I wouldn't have spent $1,500 for a bike. Actually I thought I was crazy for spending what I did, and for a fraction of time, I was thinking, why in the hell didn't I just goto to 'SEARS'.

My first thought was just riding around thru the neighborhood, and maybe getting on some of those 'Track to Trails', I had heard about. I didn't even know about the places we have here in Michigan to ride like I have been.

It was in one of my other forums I was talking about the bike I bought, and a friend gave me a link to a place near him, and it was for downhill racing or downhill something.

It made me look on the net for something similar near me, but I really couldn't gauge the idea, atleast not until I went on youtube and watched some video of places I could ride, and gotten all excited about trying it out.
Now that I know what I want and need, I'm glad I didn't goto SEARS&#8230; lol

But all in all, I still think it's a darn shame the aftermarket prices.


----------



## perttime (Aug 26, 2005)

Go and order one thousand bike wheels.

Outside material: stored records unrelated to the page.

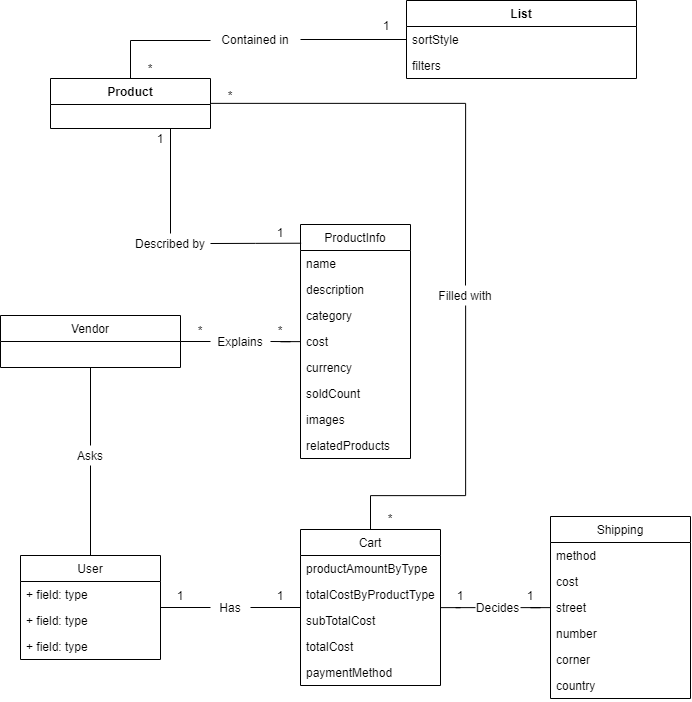

The diagram above was exported from draw.io. Its source (the exported page's mxGraphModel, read from the mxfile embedded in the PNG):
<mxGraphModel dx="1710" dy="1443" grid="1" gridSize="10" guides="1" tooltips="1" connect="1" arrows="1" fold="1" page="1" pageScale="1" pageWidth="827" pageHeight="1169" math="0" shadow="0">
  <root>
    <mxCell id="0" />
    <mxCell id="1" parent="0" />
    <mxCell id="neffeC4-5bOlAyoO5iew-133" style="edgeStyle=orthogonalEdgeStyle;rounded=0;orthogonalLoop=1;jettySize=auto;html=1;fontSize=12;endArrow=none;endFill=0;strokeColor=#000000;" edge="1" parent="1" source="VQTmQkn1Iq67a3dxknTd-5" target="neffeC4-5bOlAyoO5iew-11">
      <mxGeometry relative="1" as="geometry">
        <Array as="points">
          <mxPoint x="110" y="285" />
        </Array>
      </mxGeometry>
    </mxCell>
    <mxCell id="VQTmQkn1Iq67a3dxknTd-5" value="Product" style="swimlane;fontStyle=1;align=center;verticalAlign=top;childLayout=stackLayout;horizontal=1;startSize=26;horizontalStack=0;resizeParent=1;resizeParentMax=0;resizeLast=0;collapsible=1;marginBottom=0;" parent="1" vertex="1">
      <mxGeometry x="30" y="323" width="160" height="50" as="geometry" />
    </mxCell>
    <mxCell id="VQTmQkn1Iq67a3dxknTd-9" value="List" style="swimlane;fontStyle=1;align=center;verticalAlign=top;childLayout=stackLayout;horizontal=1;startSize=26;horizontalStack=0;resizeParent=1;resizeParentMax=0;resizeLast=0;collapsible=1;marginBottom=0;" parent="1" vertex="1">
      <mxGeometry x="386" y="245" width="230" height="78" as="geometry">
        <mxRectangle x="386" y="245" width="50" height="26" as="alternateBounds" />
      </mxGeometry>
    </mxCell>
    <mxCell id="neffeC4-5bOlAyoO5iew-55" value="sortStyle" style="text;strokeColor=none;fillColor=none;align=left;verticalAlign=top;spacingLeft=4;spacingRight=4;overflow=hidden;rotatable=0;points=[[0,0.5],[1,0.5]];portConstraint=eastwest;fontSize=12;" vertex="1" parent="VQTmQkn1Iq67a3dxknTd-9">
      <mxGeometry y="26" width="230" height="26" as="geometry" />
    </mxCell>
    <mxCell id="neffeC4-5bOlAyoO5iew-56" value="filters" style="text;strokeColor=none;fillColor=none;align=left;verticalAlign=top;spacingLeft=4;spacingRight=4;overflow=hidden;rotatable=0;points=[[0,0.5],[1,0.5]];portConstraint=eastwest;fontSize=12;" vertex="1" parent="VQTmQkn1Iq67a3dxknTd-9">
      <mxGeometry y="52" width="230" height="26" as="geometry" />
    </mxCell>
    <mxCell id="neffeC4-5bOlAyoO5iew-60" style="edgeStyle=orthogonalEdgeStyle;rounded=0;orthogonalLoop=1;jettySize=auto;html=1;exitX=1;exitY=0.5;exitDx=0;exitDy=0;entryX=0;entryY=0.5;entryDx=0;entryDy=0;fontSize=12;endArrow=none;endFill=0;strokeColor=#000000;" edge="1" parent="1" source="neffeC4-5bOlAyoO5iew-2" target="neffeC4-5bOlAyoO5iew-59">
      <mxGeometry relative="1" as="geometry" />
    </mxCell>
    <mxCell id="neffeC4-5bOlAyoO5iew-2" value="Vendor" style="swimlane;fontStyle=0;childLayout=stackLayout;horizontal=1;startSize=26;fillColor=none;horizontalStack=0;resizeParent=1;resizeParentMax=0;resizeLast=0;collapsible=1;marginBottom=0;" vertex="1" parent="1">
      <mxGeometry x="-20" y="560" width="180" height="52" as="geometry" />
    </mxCell>
    <mxCell id="neffeC4-5bOlAyoO5iew-131" style="edgeStyle=orthogonalEdgeStyle;rounded=0;orthogonalLoop=1;jettySize=auto;html=1;fontSize=12;endArrow=none;endFill=0;strokeColor=#000000;" edge="1" parent="1" source="neffeC4-5bOlAyoO5iew-11" target="VQTmQkn1Iq67a3dxknTd-9">
      <mxGeometry relative="1" as="geometry">
        <Array as="points">
          <mxPoint x="280" y="284" />
          <mxPoint x="280" y="284" />
        </Array>
      </mxGeometry>
    </mxCell>
    <mxCell id="neffeC4-5bOlAyoO5iew-11" value="Contained in" style="text;html=1;strokeColor=none;fillColor=none;align=center;verticalAlign=middle;whiteSpace=wrap;rounded=0;" vertex="1" parent="1">
      <mxGeometry x="190" y="274" width="90" height="20" as="geometry" />
    </mxCell>
    <mxCell id="neffeC4-5bOlAyoO5iew-13" value="*" style="text;html=1;strokeColor=none;fillColor=none;align=center;verticalAlign=middle;whiteSpace=wrap;rounded=0;fontSize=12;" vertex="1" parent="1">
      <mxGeometry x="110" y="303" width="40" height="20" as="geometry" />
    </mxCell>
    <mxCell id="neffeC4-5bOlAyoO5iew-14" value="1" style="text;html=1;strokeColor=none;fillColor=none;align=center;verticalAlign=middle;whiteSpace=wrap;rounded=0;fontSize=12;" vertex="1" parent="1">
      <mxGeometry x="346" y="260" width="40" height="20" as="geometry" />
    </mxCell>
    <mxCell id="neffeC4-5bOlAyoO5iew-32" value="ProductInfo" style="swimlane;fontStyle=0;childLayout=stackLayout;horizontal=1;startSize=26;fillColor=none;horizontalStack=0;resizeParent=1;resizeParentMax=0;resizeLast=0;collapsible=1;marginBottom=0;fontSize=12;" vertex="1" parent="1">
      <mxGeometry x="280" y="469" width="110" height="234" as="geometry" />
    </mxCell>
    <mxCell id="neffeC4-5bOlAyoO5iew-52" value="name" style="text;strokeColor=none;fillColor=none;align=left;verticalAlign=top;spacingLeft=4;spacingRight=4;overflow=hidden;rotatable=0;points=[[0,0.5],[1,0.5]];portConstraint=eastwest;fontSize=12;" vertex="1" parent="neffeC4-5bOlAyoO5iew-32">
      <mxGeometry y="26" width="110" height="26" as="geometry" />
    </mxCell>
    <mxCell id="neffeC4-5bOlAyoO5iew-53" value="description" style="text;strokeColor=none;fillColor=none;align=left;verticalAlign=top;spacingLeft=4;spacingRight=4;overflow=hidden;rotatable=0;points=[[0,0.5],[1,0.5]];portConstraint=eastwest;fontSize=12;" vertex="1" parent="neffeC4-5bOlAyoO5iew-32">
      <mxGeometry y="52" width="110" height="26" as="geometry" />
    </mxCell>
    <mxCell id="neffeC4-5bOlAyoO5iew-37" value="category" style="text;strokeColor=none;fillColor=none;align=left;verticalAlign=top;spacingLeft=4;spacingRight=4;overflow=hidden;rotatable=0;points=[[0,0.5],[1,0.5]];portConstraint=eastwest;fontSize=12;" vertex="1" parent="neffeC4-5bOlAyoO5iew-32">
      <mxGeometry y="78" width="110" height="26" as="geometry" />
    </mxCell>
    <mxCell id="neffeC4-5bOlAyoO5iew-38" value="cost" style="text;strokeColor=none;fillColor=none;align=left;verticalAlign=top;spacingLeft=4;spacingRight=4;overflow=hidden;rotatable=0;points=[[0,0.5],[1,0.5]];portConstraint=eastwest;fontSize=12;" vertex="1" parent="neffeC4-5bOlAyoO5iew-32">
      <mxGeometry y="104" width="110" height="26" as="geometry" />
    </mxCell>
    <mxCell id="neffeC4-5bOlAyoO5iew-39" value="currency" style="text;strokeColor=none;fillColor=none;align=left;verticalAlign=top;spacingLeft=4;spacingRight=4;overflow=hidden;rotatable=0;points=[[0,0.5],[1,0.5]];portConstraint=eastwest;fontSize=12;" vertex="1" parent="neffeC4-5bOlAyoO5iew-32">
      <mxGeometry y="130" width="110" height="26" as="geometry" />
    </mxCell>
    <mxCell id="neffeC4-5bOlAyoO5iew-40" value="soldCount" style="text;strokeColor=none;fillColor=none;align=left;verticalAlign=top;spacingLeft=4;spacingRight=4;overflow=hidden;rotatable=0;points=[[0,0.5],[1,0.5]];portConstraint=eastwest;fontSize=12;" vertex="1" parent="neffeC4-5bOlAyoO5iew-32">
      <mxGeometry y="156" width="110" height="26" as="geometry" />
    </mxCell>
    <mxCell id="neffeC4-5bOlAyoO5iew-41" value="images" style="text;strokeColor=none;fillColor=none;align=left;verticalAlign=top;spacingLeft=4;spacingRight=4;overflow=hidden;rotatable=0;points=[[0,0.5],[1,0.5]];portConstraint=eastwest;fontSize=12;" vertex="1" parent="neffeC4-5bOlAyoO5iew-32">
      <mxGeometry y="182" width="110" height="26" as="geometry" />
    </mxCell>
    <mxCell id="neffeC4-5bOlAyoO5iew-42" value="relatedProducts" style="text;strokeColor=none;fillColor=none;align=left;verticalAlign=top;spacingLeft=4;spacingRight=4;overflow=hidden;rotatable=0;points=[[0,0.5],[1,0.5]];portConstraint=eastwest;fontSize=12;" vertex="1" parent="neffeC4-5bOlAyoO5iew-32">
      <mxGeometry y="208" width="110" height="26" as="geometry" />
    </mxCell>
    <mxCell id="neffeC4-5bOlAyoO5iew-47" style="edgeStyle=orthogonalEdgeStyle;rounded=0;orthogonalLoop=1;jettySize=auto;html=1;entryX=0.006;entryY=0.08;entryDx=0;entryDy=0;entryPerimeter=0;fontSize=12;endArrow=none;endFill=0;strokeColor=#000000;startArrow=none;exitX=1;exitY=0.5;exitDx=0;exitDy=0;" edge="1" parent="1" source="neffeC4-5bOlAyoO5iew-48" target="neffeC4-5bOlAyoO5iew-32">
      <mxGeometry relative="1" as="geometry">
        <mxPoint x="260" y="429" as="sourcePoint" />
      </mxGeometry>
    </mxCell>
    <mxCell id="neffeC4-5bOlAyoO5iew-48" value="Described by" style="text;html=1;strokeColor=none;fillColor=none;align=center;verticalAlign=middle;whiteSpace=wrap;rounded=0;fontSize=12;" vertex="1" parent="1">
      <mxGeometry x="110" y="478" width="80" height="20" as="geometry" />
    </mxCell>
    <mxCell id="neffeC4-5bOlAyoO5iew-49" value="" style="edgeStyle=orthogonalEdgeStyle;rounded=0;orthogonalLoop=1;jettySize=auto;html=1;entryX=0.5;entryY=0;entryDx=0;entryDy=0;fontSize=12;endArrow=none;endFill=0;strokeColor=#000000;exitX=0.75;exitY=1;exitDx=0;exitDy=0;" edge="1" parent="1" source="VQTmQkn1Iq67a3dxknTd-5" target="neffeC4-5bOlAyoO5iew-48">
      <mxGeometry relative="1" as="geometry">
        <mxPoint x="190" y="386" as="sourcePoint" />
        <mxPoint x="280.6600000000001" y="483.55999999999995" as="targetPoint" />
      </mxGeometry>
    </mxCell>
    <mxCell id="neffeC4-5bOlAyoO5iew-50" value="1" style="text;html=1;strokeColor=none;fillColor=none;align=center;verticalAlign=middle;whiteSpace=wrap;rounded=0;fontSize=12;" vertex="1" parent="1">
      <mxGeometry x="120" y="373" width="40" height="20" as="geometry" />
    </mxCell>
    <mxCell id="neffeC4-5bOlAyoO5iew-51" value="1" style="text;html=1;strokeColor=none;fillColor=none;align=center;verticalAlign=middle;whiteSpace=wrap;rounded=0;fontSize=12;" vertex="1" parent="1">
      <mxGeometry x="240" y="467" width="40" height="20" as="geometry" />
    </mxCell>
    <mxCell id="neffeC4-5bOlAyoO5iew-61" style="edgeStyle=orthogonalEdgeStyle;rounded=0;orthogonalLoop=1;jettySize=auto;html=1;exitX=1;exitY=0.5;exitDx=0;exitDy=0;fontSize=12;endArrow=none;endFill=0;strokeColor=#000000;" edge="1" parent="1" source="neffeC4-5bOlAyoO5iew-59" target="neffeC4-5bOlAyoO5iew-32">
      <mxGeometry relative="1" as="geometry" />
    </mxCell>
    <mxCell id="neffeC4-5bOlAyoO5iew-59" value="Explains" style="text;html=1;strokeColor=none;fillColor=none;align=center;verticalAlign=middle;whiteSpace=wrap;rounded=0;fontSize=12;" vertex="1" parent="1">
      <mxGeometry x="190" y="576" width="60" height="20" as="geometry" />
    </mxCell>
    <mxCell id="neffeC4-5bOlAyoO5iew-62" value="*" style="text;html=1;strokeColor=none;fillColor=none;align=center;verticalAlign=middle;whiteSpace=wrap;rounded=0;fontSize=12;" vertex="1" parent="1">
      <mxGeometry x="160" y="565" width="40" height="20" as="geometry" />
    </mxCell>
    <mxCell id="neffeC4-5bOlAyoO5iew-63" value="*" style="text;html=1;strokeColor=none;fillColor=none;align=center;verticalAlign=middle;whiteSpace=wrap;rounded=0;fontSize=12;" vertex="1" parent="1">
      <mxGeometry x="240" y="565" width="40" height="20" as="geometry" />
    </mxCell>
    <mxCell id="neffeC4-5bOlAyoO5iew-68" style="edgeStyle=orthogonalEdgeStyle;rounded=0;orthogonalLoop=1;jettySize=auto;html=1;entryX=0.5;entryY=1;entryDx=0;entryDy=0;fontSize=12;endArrow=none;endFill=0;strokeColor=#000000;startArrow=none;" edge="1" parent="1" source="neffeC4-5bOlAyoO5iew-69" target="neffeC4-5bOlAyoO5iew-2">
      <mxGeometry relative="1" as="geometry" />
    </mxCell>
    <mxCell id="neffeC4-5bOlAyoO5iew-64" value="User" style="swimlane;fontStyle=0;childLayout=stackLayout;horizontal=1;startSize=26;fillColor=none;horizontalStack=0;resizeParent=1;resizeParentMax=0;resizeLast=0;collapsible=1;marginBottom=0;fontSize=12;" vertex="1" parent="1">
      <mxGeometry y="800" width="140" height="104" as="geometry" />
    </mxCell>
    <mxCell id="neffeC4-5bOlAyoO5iew-65" value="+ field: type" style="text;strokeColor=none;fillColor=none;align=left;verticalAlign=top;spacingLeft=4;spacingRight=4;overflow=hidden;rotatable=0;points=[[0,0.5],[1,0.5]];portConstraint=eastwest;" vertex="1" parent="neffeC4-5bOlAyoO5iew-64">
      <mxGeometry y="26" width="140" height="26" as="geometry" />
    </mxCell>
    <mxCell id="neffeC4-5bOlAyoO5iew-66" value="+ field: type" style="text;strokeColor=none;fillColor=none;align=left;verticalAlign=top;spacingLeft=4;spacingRight=4;overflow=hidden;rotatable=0;points=[[0,0.5],[1,0.5]];portConstraint=eastwest;" vertex="1" parent="neffeC4-5bOlAyoO5iew-64">
      <mxGeometry y="52" width="140" height="26" as="geometry" />
    </mxCell>
    <mxCell id="neffeC4-5bOlAyoO5iew-67" value="+ field: type" style="text;strokeColor=none;fillColor=none;align=left;verticalAlign=top;spacingLeft=4;spacingRight=4;overflow=hidden;rotatable=0;points=[[0,0.5],[1,0.5]];portConstraint=eastwest;" vertex="1" parent="neffeC4-5bOlAyoO5iew-64">
      <mxGeometry y="78" width="140" height="26" as="geometry" />
    </mxCell>
    <mxCell id="neffeC4-5bOlAyoO5iew-69" value="Asks" style="text;html=1;strokeColor=none;fillColor=none;align=center;verticalAlign=middle;whiteSpace=wrap;rounded=0;fontSize=12;" vertex="1" parent="1">
      <mxGeometry x="50" y="690" width="40" height="20" as="geometry" />
    </mxCell>
    <mxCell id="neffeC4-5bOlAyoO5iew-71" value="" style="edgeStyle=orthogonalEdgeStyle;rounded=0;orthogonalLoop=1;jettySize=auto;html=1;entryX=0.5;entryY=1;entryDx=0;entryDy=0;fontSize=12;endArrow=none;endFill=0;strokeColor=#000000;" edge="1" parent="1" source="neffeC4-5bOlAyoO5iew-64" target="neffeC4-5bOlAyoO5iew-69">
      <mxGeometry relative="1" as="geometry">
        <mxPoint x="70" y="800" as="sourcePoint" />
        <mxPoint x="70" y="612" as="targetPoint" />
      </mxGeometry>
    </mxCell>
    <mxCell id="neffeC4-5bOlAyoO5iew-72" value="Cart" style="swimlane;fontStyle=0;childLayout=stackLayout;horizontal=1;startSize=26;fillColor=none;horizontalStack=0;resizeParent=1;resizeParentMax=0;resizeLast=0;collapsible=1;marginBottom=0;fontSize=12;" vertex="1" parent="1">
      <mxGeometry x="280" y="774" width="140" height="156" as="geometry" />
    </mxCell>
    <mxCell id="neffeC4-5bOlAyoO5iew-73" value="productAmountByType" style="text;strokeColor=none;fillColor=none;align=left;verticalAlign=top;spacingLeft=4;spacingRight=4;overflow=hidden;rotatable=0;points=[[0,0.5],[1,0.5]];portConstraint=eastwest;" vertex="1" parent="neffeC4-5bOlAyoO5iew-72">
      <mxGeometry y="26" width="140" height="26" as="geometry" />
    </mxCell>
    <mxCell id="neffeC4-5bOlAyoO5iew-136" value="totalCostByProductType" style="text;strokeColor=none;fillColor=none;align=left;verticalAlign=top;spacingLeft=4;spacingRight=4;overflow=hidden;rotatable=0;points=[[0,0.5],[1,0.5]];portConstraint=eastwest;fontSize=12;" vertex="1" parent="neffeC4-5bOlAyoO5iew-72">
      <mxGeometry y="52" width="140" height="26" as="geometry" />
    </mxCell>
    <mxCell id="neffeC4-5bOlAyoO5iew-74" value="subTotalCost" style="text;strokeColor=none;fillColor=none;align=left;verticalAlign=top;spacingLeft=4;spacingRight=4;overflow=hidden;rotatable=0;points=[[0,0.5],[1,0.5]];portConstraint=eastwest;" vertex="1" parent="neffeC4-5bOlAyoO5iew-72">
      <mxGeometry y="78" width="140" height="26" as="geometry" />
    </mxCell>
    <mxCell id="neffeC4-5bOlAyoO5iew-99" value="totalCost" style="text;strokeColor=none;fillColor=none;align=left;verticalAlign=top;spacingLeft=4;spacingRight=4;overflow=hidden;rotatable=0;points=[[0,0.5],[1,0.5]];portConstraint=eastwest;fontSize=12;" vertex="1" parent="neffeC4-5bOlAyoO5iew-72">
      <mxGeometry y="104" width="140" height="26" as="geometry" />
    </mxCell>
    <mxCell id="neffeC4-5bOlAyoO5iew-100" value="paymentMethod" style="text;strokeColor=none;fillColor=none;align=left;verticalAlign=top;spacingLeft=4;spacingRight=4;overflow=hidden;rotatable=0;points=[[0,0.5],[1,0.5]];portConstraint=eastwest;fontSize=12;" vertex="1" parent="neffeC4-5bOlAyoO5iew-72">
      <mxGeometry y="130" width="140" height="26" as="geometry" />
    </mxCell>
    <mxCell id="neffeC4-5bOlAyoO5iew-80" style="edgeStyle=orthogonalEdgeStyle;rounded=0;orthogonalLoop=1;jettySize=auto;html=1;fontSize=12;endArrow=none;endFill=0;strokeColor=#000000;" edge="1" parent="1" source="neffeC4-5bOlAyoO5iew-78" target="neffeC4-5bOlAyoO5iew-72">
      <mxGeometry relative="1" as="geometry" />
    </mxCell>
    <mxCell id="neffeC4-5bOlAyoO5iew-83" style="edgeStyle=orthogonalEdgeStyle;rounded=0;orthogonalLoop=1;jettySize=auto;html=1;fontSize=12;endArrow=none;endFill=0;strokeColor=#000000;" edge="1" parent="1" source="neffeC4-5bOlAyoO5iew-78" target="neffeC4-5bOlAyoO5iew-64">
      <mxGeometry relative="1" as="geometry" />
    </mxCell>
    <mxCell id="neffeC4-5bOlAyoO5iew-78" value="Has" style="text;html=1;strokeColor=none;fillColor=none;align=center;verticalAlign=middle;whiteSpace=wrap;rounded=0;fontSize=12;" vertex="1" parent="1">
      <mxGeometry x="190" y="842" width="40" height="20" as="geometry" />
    </mxCell>
    <mxCell id="neffeC4-5bOlAyoO5iew-137" style="edgeStyle=orthogonalEdgeStyle;rounded=0;orthogonalLoop=1;jettySize=auto;html=1;fontSize=12;endArrow=none;endFill=0;strokeColor=#000000;exitX=0.5;exitY=0;exitDx=0;exitDy=0;" edge="1" parent="1" source="neffeC4-5bOlAyoO5iew-85" target="VQTmQkn1Iq67a3dxknTd-5">
      <mxGeometry relative="1" as="geometry">
        <Array as="points">
          <mxPoint x="445" y="348" />
        </Array>
      </mxGeometry>
    </mxCell>
    <mxCell id="neffeC4-5bOlAyoO5iew-85" value="Filled with" style="text;html=1;strokeColor=none;fillColor=none;align=center;verticalAlign=middle;whiteSpace=wrap;rounded=0;fontSize=12;" vertex="1" parent="1">
      <mxGeometry x="400" y="530" width="90" height="20" as="geometry" />
    </mxCell>
    <mxCell id="neffeC4-5bOlAyoO5iew-89" style="edgeStyle=orthogonalEdgeStyle;rounded=0;orthogonalLoop=1;jettySize=auto;html=1;fontSize=12;endArrow=none;endFill=0;strokeColor=#000000;exitX=0.5;exitY=0;exitDx=0;exitDy=0;" edge="1" parent="1" source="neffeC4-5bOlAyoO5iew-72" target="neffeC4-5bOlAyoO5iew-85">
      <mxGeometry relative="1" as="geometry">
        <mxPoint x="500" y="780" as="sourcePoint" />
        <Array as="points">
          <mxPoint x="350" y="740" />
        </Array>
      </mxGeometry>
    </mxCell>
    <mxCell id="neffeC4-5bOlAyoO5iew-108" value="Shipping" style="swimlane;fontStyle=0;childLayout=stackLayout;horizontal=1;startSize=26;fillColor=none;horizontalStack=0;resizeParent=1;resizeParentMax=0;resizeLast=0;collapsible=1;marginBottom=0;fontSize=12;" vertex="1" parent="1">
      <mxGeometry x="530" y="761" width="140" height="182" as="geometry" />
    </mxCell>
    <mxCell id="neffeC4-5bOlAyoO5iew-109" value="method" style="text;strokeColor=none;fillColor=none;align=left;verticalAlign=top;spacingLeft=4;spacingRight=4;overflow=hidden;rotatable=0;points=[[0,0.5],[1,0.5]];portConstraint=eastwest;" vertex="1" parent="neffeC4-5bOlAyoO5iew-108">
      <mxGeometry y="26" width="140" height="26" as="geometry" />
    </mxCell>
    <mxCell id="neffeC4-5bOlAyoO5iew-110" value="cost" style="text;strokeColor=none;fillColor=none;align=left;verticalAlign=top;spacingLeft=4;spacingRight=4;overflow=hidden;rotatable=0;points=[[0,0.5],[1,0.5]];portConstraint=eastwest;" vertex="1" parent="neffeC4-5bOlAyoO5iew-108">
      <mxGeometry y="52" width="140" height="26" as="geometry" />
    </mxCell>
    <mxCell id="neffeC4-5bOlAyoO5iew-111" value="street" style="text;strokeColor=none;fillColor=none;align=left;verticalAlign=top;spacingLeft=4;spacingRight=4;overflow=hidden;rotatable=0;points=[[0,0.5],[1,0.5]];portConstraint=eastwest;" vertex="1" parent="neffeC4-5bOlAyoO5iew-108">
      <mxGeometry y="78" width="140" height="26" as="geometry" />
    </mxCell>
    <mxCell id="neffeC4-5bOlAyoO5iew-112" value="number" style="text;strokeColor=none;fillColor=none;align=left;verticalAlign=top;spacingLeft=4;spacingRight=4;overflow=hidden;rotatable=0;points=[[0,0.5],[1,0.5]];portConstraint=eastwest;fontSize=12;" vertex="1" parent="neffeC4-5bOlAyoO5iew-108">
      <mxGeometry y="104" width="140" height="26" as="geometry" />
    </mxCell>
    <mxCell id="neffeC4-5bOlAyoO5iew-113" value="corner" style="text;strokeColor=none;fillColor=none;align=left;verticalAlign=top;spacingLeft=4;spacingRight=4;overflow=hidden;rotatable=0;points=[[0,0.5],[1,0.5]];portConstraint=eastwest;fontSize=12;" vertex="1" parent="neffeC4-5bOlAyoO5iew-108">
      <mxGeometry y="130" width="140" height="26" as="geometry" />
    </mxCell>
    <mxCell id="neffeC4-5bOlAyoO5iew-114" value="country" style="text;strokeColor=none;fillColor=none;align=left;verticalAlign=top;spacingLeft=4;spacingRight=4;overflow=hidden;rotatable=0;points=[[0,0.5],[1,0.5]];portConstraint=eastwest;fontSize=12;" vertex="1" parent="neffeC4-5bOlAyoO5iew-108">
      <mxGeometry y="156" width="140" height="26" as="geometry" />
    </mxCell>
    <mxCell id="neffeC4-5bOlAyoO5iew-119" style="edgeStyle=orthogonalEdgeStyle;rounded=0;orthogonalLoop=1;jettySize=auto;html=1;fontSize=12;endArrow=none;endFill=0;strokeColor=#000000;" edge="1" parent="1" source="neffeC4-5bOlAyoO5iew-117" target="neffeC4-5bOlAyoO5iew-108">
      <mxGeometry relative="1" as="geometry" />
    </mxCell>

I'm sure you'll get a good discount. 

Just kidding but ... actually serious too. That's how it works.


----------



## fiream400 (Apr 19, 2011)

The xcaliber has the same frame/head tube as our bikes. Check around at bike shops in your area and watch ebay for a take off Rock Shox Reba fork from the xcal. It will keep the 51mm offset (read steering/handling) that your bike currently has and is a great fork. If you look at fox or any other brand forks, they will have less offset which will make your bike steer slower. Going to something like a 46mm offset increases your trail by about .25-.27 inches. It wouldn't be huge but would be noticeable. New 51mm offset forks are not only expensive, they usually have the tapered steerer. I'm just learning all this myself so I thought you should know as well.


----------



## HAMP (Apr 3, 2012)

perttime said:


> Go and order one thousand bike wheels. I'm sure you'll get a good discount.
> 
> Just kidding but ... actually serious too. That's how it works.


Reminds me of a questions I have had, why are some bike rims more costly then then some car rims?

I have seen some for I believe $3000


----------



## HAMP (Apr 3, 2012)

fiream400 said:


> The xcaliber has the same frame/head tube as our bikes. Check around at bike shops in your area and watch ebay for a take off Rock Shox Reba fork from the xcal. It will keep the 51mm offset (read steering/handling) that your bike currently has and is a great fork. If you look at fox or any other brand forks, they will have less offset which will make your bike steer slower. Going to something like a 46mm offset increases your trail by about .25-.27 inches. It wouldn't be huge but would be noticeable. New 51mm offset forks are not only expensive, they usually have the tapered steerer. I'm just learning all this myself so I thought you should know as well.


Thank you!! Good info for me. Heck I just learnt what the 51mm offset meant.

What about the term 'Tapered Steerer'?


----------



## Bill in Houston (Nov 26, 2011)

HAMP said:


> Reminds me of a questions I have had, why are some bike rims more costly then then some car rims?


Because it's a ripoff. There is some precision and art to a really good hand-assembled wheel, though.


----------



## fiream400 (Apr 19, 2011)

HAMP said:


> Thank you!! Good info for me. Heck I just learnt what the 51mm offset meant.
> 
> What about the term 'Tapered Steerer'?


The shaft that comes off the top of the fork and the handlebars connect to is the steerer. Newer higher end bikes have a stiffer tapered shaft whereas our bikes have the older design straight shaft.


----------



## HAMP (Apr 3, 2012)

fiream400 said:


> The shaft that comes off the top of the fork and the handlebars connect to is the steerer. Newer higher end bikes have a stiffer tapered shaft whereas our bikes have the older design straight shaft.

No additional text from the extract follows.